Your goal> Produce the records below again, word for word, but stop after the line that contains "import ezdxf".

|---|

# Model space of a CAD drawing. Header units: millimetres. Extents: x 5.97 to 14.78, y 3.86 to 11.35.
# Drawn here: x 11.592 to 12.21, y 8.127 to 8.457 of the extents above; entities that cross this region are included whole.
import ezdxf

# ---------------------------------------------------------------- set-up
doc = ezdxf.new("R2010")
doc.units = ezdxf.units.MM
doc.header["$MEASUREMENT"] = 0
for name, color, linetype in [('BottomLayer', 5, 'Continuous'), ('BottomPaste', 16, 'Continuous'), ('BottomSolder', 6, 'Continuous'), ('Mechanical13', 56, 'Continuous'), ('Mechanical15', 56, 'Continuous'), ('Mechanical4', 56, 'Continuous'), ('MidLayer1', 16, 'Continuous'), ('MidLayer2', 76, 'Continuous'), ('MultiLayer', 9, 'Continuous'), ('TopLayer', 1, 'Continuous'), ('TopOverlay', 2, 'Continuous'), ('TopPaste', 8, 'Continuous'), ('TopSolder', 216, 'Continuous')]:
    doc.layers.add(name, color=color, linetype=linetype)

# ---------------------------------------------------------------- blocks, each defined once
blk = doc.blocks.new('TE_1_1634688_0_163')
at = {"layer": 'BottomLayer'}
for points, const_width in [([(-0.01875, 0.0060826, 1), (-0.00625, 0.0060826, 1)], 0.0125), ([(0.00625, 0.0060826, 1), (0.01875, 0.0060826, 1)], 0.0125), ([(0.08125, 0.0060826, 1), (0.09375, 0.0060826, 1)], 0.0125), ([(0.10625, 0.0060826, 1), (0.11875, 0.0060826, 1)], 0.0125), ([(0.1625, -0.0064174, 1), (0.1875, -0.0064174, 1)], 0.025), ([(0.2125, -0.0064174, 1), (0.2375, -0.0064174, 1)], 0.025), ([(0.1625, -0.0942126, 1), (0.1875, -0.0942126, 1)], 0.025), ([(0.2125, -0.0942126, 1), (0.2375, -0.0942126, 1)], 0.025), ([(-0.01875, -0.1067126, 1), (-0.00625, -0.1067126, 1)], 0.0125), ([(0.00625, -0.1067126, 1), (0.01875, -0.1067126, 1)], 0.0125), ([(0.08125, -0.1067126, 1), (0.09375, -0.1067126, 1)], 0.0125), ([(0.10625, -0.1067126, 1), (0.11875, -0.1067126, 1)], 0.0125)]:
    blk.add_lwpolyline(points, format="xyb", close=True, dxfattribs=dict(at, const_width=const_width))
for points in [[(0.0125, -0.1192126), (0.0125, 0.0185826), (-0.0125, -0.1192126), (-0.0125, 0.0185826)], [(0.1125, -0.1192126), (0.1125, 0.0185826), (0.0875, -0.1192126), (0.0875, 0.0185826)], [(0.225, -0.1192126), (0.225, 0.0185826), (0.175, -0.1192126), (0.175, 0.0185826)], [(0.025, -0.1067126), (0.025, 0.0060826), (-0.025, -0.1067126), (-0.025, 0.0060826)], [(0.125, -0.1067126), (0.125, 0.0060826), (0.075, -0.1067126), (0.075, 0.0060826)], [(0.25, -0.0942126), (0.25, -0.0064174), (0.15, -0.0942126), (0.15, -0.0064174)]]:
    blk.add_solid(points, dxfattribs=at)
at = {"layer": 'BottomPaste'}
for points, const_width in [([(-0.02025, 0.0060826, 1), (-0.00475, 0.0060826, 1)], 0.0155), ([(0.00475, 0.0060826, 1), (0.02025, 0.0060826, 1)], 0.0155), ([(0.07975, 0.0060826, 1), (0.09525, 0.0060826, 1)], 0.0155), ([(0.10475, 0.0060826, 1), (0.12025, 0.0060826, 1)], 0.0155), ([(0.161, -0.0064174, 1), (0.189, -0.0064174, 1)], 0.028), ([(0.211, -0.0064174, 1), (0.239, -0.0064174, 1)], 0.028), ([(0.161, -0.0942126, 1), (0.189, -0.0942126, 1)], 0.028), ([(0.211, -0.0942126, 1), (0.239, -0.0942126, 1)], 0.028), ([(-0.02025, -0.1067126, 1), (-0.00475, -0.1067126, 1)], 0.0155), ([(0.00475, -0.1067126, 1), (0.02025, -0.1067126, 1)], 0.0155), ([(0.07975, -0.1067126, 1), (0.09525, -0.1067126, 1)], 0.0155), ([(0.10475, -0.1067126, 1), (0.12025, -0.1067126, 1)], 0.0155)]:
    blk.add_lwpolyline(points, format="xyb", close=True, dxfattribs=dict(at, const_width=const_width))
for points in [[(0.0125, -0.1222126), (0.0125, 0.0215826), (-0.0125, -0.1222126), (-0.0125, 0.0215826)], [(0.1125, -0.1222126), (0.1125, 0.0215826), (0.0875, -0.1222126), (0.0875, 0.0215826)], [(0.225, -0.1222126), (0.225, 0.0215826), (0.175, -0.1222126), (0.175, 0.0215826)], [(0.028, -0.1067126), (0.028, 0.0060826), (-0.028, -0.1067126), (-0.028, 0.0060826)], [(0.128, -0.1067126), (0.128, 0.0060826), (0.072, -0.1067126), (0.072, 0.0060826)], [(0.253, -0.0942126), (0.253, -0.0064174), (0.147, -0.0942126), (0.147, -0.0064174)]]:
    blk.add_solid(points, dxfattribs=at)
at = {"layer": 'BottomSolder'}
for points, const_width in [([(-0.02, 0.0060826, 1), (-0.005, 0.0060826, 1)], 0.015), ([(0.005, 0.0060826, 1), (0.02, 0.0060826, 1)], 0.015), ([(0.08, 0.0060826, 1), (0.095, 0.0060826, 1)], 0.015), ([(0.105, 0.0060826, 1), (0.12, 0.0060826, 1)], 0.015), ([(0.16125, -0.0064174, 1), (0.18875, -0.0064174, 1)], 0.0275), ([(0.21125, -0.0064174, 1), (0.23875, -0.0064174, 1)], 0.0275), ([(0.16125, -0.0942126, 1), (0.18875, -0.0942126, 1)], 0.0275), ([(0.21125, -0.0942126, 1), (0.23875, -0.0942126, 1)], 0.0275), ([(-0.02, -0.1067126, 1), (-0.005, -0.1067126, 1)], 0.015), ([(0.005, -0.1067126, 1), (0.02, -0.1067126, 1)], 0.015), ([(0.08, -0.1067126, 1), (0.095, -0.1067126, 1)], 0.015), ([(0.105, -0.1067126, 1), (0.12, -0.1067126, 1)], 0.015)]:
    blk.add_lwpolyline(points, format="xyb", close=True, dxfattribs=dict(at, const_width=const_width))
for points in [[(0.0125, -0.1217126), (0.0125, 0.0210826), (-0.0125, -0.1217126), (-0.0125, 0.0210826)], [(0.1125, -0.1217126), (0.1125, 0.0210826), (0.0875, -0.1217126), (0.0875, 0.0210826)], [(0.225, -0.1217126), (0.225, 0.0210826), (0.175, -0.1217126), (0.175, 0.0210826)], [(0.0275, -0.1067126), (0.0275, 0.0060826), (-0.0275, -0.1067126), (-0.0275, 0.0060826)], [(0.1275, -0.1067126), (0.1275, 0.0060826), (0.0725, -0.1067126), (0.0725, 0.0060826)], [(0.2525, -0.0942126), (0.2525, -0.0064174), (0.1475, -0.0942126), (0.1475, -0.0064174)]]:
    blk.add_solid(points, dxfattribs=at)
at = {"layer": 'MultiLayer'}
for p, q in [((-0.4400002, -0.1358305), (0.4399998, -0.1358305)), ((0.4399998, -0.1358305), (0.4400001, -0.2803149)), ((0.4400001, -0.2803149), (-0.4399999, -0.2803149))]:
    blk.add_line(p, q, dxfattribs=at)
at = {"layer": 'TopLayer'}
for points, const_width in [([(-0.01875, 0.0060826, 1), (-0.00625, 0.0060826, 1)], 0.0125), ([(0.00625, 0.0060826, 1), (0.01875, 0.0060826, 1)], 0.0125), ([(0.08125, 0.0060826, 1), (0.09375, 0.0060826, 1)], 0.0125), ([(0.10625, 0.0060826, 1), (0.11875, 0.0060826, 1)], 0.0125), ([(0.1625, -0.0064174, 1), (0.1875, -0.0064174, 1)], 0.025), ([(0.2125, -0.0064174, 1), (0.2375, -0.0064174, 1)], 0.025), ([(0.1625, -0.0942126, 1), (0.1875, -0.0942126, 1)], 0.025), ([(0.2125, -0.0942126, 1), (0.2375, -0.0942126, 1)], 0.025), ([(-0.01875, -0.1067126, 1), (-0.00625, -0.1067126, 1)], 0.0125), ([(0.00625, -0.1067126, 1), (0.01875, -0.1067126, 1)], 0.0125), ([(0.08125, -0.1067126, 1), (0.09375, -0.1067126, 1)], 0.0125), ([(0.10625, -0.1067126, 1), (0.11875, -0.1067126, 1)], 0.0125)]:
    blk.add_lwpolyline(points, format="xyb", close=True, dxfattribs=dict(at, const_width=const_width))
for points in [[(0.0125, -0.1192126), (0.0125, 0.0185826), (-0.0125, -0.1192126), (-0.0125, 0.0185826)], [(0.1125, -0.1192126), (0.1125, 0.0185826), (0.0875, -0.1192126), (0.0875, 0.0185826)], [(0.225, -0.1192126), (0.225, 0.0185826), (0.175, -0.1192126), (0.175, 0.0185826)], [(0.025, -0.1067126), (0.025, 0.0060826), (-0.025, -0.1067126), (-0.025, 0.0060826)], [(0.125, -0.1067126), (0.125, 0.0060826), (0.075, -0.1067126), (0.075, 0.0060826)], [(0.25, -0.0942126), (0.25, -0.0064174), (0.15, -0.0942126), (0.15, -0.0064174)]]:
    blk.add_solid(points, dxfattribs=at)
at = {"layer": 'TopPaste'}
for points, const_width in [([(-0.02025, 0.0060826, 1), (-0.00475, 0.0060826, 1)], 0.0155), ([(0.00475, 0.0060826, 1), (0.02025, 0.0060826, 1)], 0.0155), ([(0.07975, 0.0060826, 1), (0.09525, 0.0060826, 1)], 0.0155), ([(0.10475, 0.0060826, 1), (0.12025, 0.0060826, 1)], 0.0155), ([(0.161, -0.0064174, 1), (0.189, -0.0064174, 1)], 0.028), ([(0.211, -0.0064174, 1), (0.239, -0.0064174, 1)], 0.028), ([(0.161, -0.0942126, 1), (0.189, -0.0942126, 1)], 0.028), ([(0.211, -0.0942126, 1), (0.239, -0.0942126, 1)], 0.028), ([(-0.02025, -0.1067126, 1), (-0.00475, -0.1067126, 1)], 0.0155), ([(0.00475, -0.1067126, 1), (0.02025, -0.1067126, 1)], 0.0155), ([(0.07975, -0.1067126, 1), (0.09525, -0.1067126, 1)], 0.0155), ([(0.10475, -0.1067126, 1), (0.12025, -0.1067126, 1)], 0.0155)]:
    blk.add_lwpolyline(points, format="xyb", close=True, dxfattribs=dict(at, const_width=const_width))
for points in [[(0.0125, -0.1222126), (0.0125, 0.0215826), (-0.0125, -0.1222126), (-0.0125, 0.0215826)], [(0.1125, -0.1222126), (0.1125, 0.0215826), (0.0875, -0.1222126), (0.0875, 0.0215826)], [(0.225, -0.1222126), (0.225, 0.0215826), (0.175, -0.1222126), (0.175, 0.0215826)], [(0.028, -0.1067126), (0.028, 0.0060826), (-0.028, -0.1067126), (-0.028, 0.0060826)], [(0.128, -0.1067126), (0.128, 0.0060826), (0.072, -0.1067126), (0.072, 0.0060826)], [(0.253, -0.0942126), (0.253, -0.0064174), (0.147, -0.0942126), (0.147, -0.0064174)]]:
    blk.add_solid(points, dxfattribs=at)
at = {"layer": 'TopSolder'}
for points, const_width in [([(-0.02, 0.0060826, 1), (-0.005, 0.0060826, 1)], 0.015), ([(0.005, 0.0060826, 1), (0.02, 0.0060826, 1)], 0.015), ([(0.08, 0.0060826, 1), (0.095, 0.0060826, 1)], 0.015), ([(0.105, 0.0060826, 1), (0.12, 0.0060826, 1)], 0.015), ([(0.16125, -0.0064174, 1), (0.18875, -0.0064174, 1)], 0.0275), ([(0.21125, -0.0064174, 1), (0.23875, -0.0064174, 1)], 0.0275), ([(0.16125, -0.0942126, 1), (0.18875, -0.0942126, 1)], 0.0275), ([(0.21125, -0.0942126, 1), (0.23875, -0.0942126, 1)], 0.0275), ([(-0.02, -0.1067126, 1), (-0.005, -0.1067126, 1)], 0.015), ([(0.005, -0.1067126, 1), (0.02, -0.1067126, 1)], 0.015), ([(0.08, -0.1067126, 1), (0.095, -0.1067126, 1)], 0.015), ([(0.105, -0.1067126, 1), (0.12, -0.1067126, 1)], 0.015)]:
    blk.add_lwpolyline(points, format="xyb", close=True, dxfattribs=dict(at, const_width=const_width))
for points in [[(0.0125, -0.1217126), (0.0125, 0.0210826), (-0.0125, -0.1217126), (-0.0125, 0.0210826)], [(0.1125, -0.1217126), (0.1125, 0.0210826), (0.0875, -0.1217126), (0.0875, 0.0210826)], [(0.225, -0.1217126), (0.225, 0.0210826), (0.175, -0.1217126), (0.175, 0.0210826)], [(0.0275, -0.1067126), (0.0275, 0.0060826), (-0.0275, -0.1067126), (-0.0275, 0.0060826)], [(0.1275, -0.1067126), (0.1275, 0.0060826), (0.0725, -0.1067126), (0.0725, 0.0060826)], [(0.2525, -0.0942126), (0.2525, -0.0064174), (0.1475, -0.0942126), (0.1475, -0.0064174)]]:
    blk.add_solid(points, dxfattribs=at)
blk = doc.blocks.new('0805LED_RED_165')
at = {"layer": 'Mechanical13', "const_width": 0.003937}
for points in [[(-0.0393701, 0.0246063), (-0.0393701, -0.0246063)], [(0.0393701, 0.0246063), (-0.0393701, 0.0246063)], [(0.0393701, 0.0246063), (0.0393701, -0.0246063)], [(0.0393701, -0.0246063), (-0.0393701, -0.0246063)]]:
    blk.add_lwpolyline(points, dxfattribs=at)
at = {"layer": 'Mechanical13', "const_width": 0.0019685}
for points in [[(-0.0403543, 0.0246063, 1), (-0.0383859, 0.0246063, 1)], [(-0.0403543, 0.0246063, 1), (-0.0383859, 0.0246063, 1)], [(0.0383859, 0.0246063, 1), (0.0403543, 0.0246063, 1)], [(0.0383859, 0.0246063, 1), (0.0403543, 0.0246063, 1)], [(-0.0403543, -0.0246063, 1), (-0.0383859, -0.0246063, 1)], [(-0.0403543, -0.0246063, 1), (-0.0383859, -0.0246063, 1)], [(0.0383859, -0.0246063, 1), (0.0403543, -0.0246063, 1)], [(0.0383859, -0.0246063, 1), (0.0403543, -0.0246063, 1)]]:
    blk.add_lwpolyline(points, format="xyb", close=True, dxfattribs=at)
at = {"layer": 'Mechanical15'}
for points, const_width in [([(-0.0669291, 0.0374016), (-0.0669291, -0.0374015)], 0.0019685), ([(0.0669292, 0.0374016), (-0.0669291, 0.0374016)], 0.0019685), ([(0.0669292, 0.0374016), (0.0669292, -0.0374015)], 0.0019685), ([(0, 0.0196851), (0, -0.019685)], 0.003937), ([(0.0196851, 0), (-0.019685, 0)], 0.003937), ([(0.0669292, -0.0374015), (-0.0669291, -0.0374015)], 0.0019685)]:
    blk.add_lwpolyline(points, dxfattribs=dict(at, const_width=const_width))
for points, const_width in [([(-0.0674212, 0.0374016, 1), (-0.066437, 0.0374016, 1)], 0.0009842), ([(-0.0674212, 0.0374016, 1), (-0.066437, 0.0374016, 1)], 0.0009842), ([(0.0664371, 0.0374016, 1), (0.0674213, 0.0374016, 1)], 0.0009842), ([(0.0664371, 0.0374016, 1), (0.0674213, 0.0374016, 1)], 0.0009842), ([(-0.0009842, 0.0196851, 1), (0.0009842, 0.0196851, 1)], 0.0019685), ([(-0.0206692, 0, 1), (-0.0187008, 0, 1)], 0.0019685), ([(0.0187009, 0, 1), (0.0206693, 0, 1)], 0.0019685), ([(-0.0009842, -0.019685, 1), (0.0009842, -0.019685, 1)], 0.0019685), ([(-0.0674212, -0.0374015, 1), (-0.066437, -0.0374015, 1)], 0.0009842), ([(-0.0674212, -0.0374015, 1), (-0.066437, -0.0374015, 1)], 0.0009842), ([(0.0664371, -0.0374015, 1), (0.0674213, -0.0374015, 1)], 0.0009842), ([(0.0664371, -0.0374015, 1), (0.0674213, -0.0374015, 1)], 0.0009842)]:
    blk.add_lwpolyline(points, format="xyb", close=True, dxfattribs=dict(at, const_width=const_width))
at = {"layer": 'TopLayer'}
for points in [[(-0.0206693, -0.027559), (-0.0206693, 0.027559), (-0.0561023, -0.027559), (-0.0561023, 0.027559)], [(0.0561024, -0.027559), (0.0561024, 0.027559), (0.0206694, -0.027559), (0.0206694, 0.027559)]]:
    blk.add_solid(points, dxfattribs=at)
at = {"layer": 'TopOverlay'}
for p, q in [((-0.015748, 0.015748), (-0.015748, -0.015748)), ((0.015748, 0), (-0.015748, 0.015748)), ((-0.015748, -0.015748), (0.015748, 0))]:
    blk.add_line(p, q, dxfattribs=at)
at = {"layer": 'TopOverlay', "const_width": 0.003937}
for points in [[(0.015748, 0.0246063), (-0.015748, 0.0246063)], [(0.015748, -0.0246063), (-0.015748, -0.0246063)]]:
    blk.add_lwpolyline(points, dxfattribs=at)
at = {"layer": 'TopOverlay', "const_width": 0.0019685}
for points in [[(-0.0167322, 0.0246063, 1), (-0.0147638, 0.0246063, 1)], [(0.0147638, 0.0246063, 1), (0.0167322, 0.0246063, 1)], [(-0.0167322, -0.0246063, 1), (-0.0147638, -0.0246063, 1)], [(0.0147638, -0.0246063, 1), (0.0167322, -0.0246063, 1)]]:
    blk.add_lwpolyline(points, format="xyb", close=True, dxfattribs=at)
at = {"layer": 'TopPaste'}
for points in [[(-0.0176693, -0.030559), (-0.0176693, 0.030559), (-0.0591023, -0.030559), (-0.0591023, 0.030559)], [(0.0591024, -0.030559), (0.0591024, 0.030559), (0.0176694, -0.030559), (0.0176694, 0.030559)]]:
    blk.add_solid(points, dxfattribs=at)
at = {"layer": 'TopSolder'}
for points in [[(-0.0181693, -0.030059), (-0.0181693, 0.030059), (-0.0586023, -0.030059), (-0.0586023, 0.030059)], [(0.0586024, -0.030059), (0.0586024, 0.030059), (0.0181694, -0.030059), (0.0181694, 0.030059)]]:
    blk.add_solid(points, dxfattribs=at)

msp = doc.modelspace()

|---|

Output for this exercise>
# Model space of a CAD drawing. Header units: millimetres. Extents: x 5.97 to 14.78, y 3.86 to 11.35.
# Drawn here: x 11.592 to 12.21, y 8.127 to 8.457 of the extents above; entities that cross this region are included whole.
import ezdxf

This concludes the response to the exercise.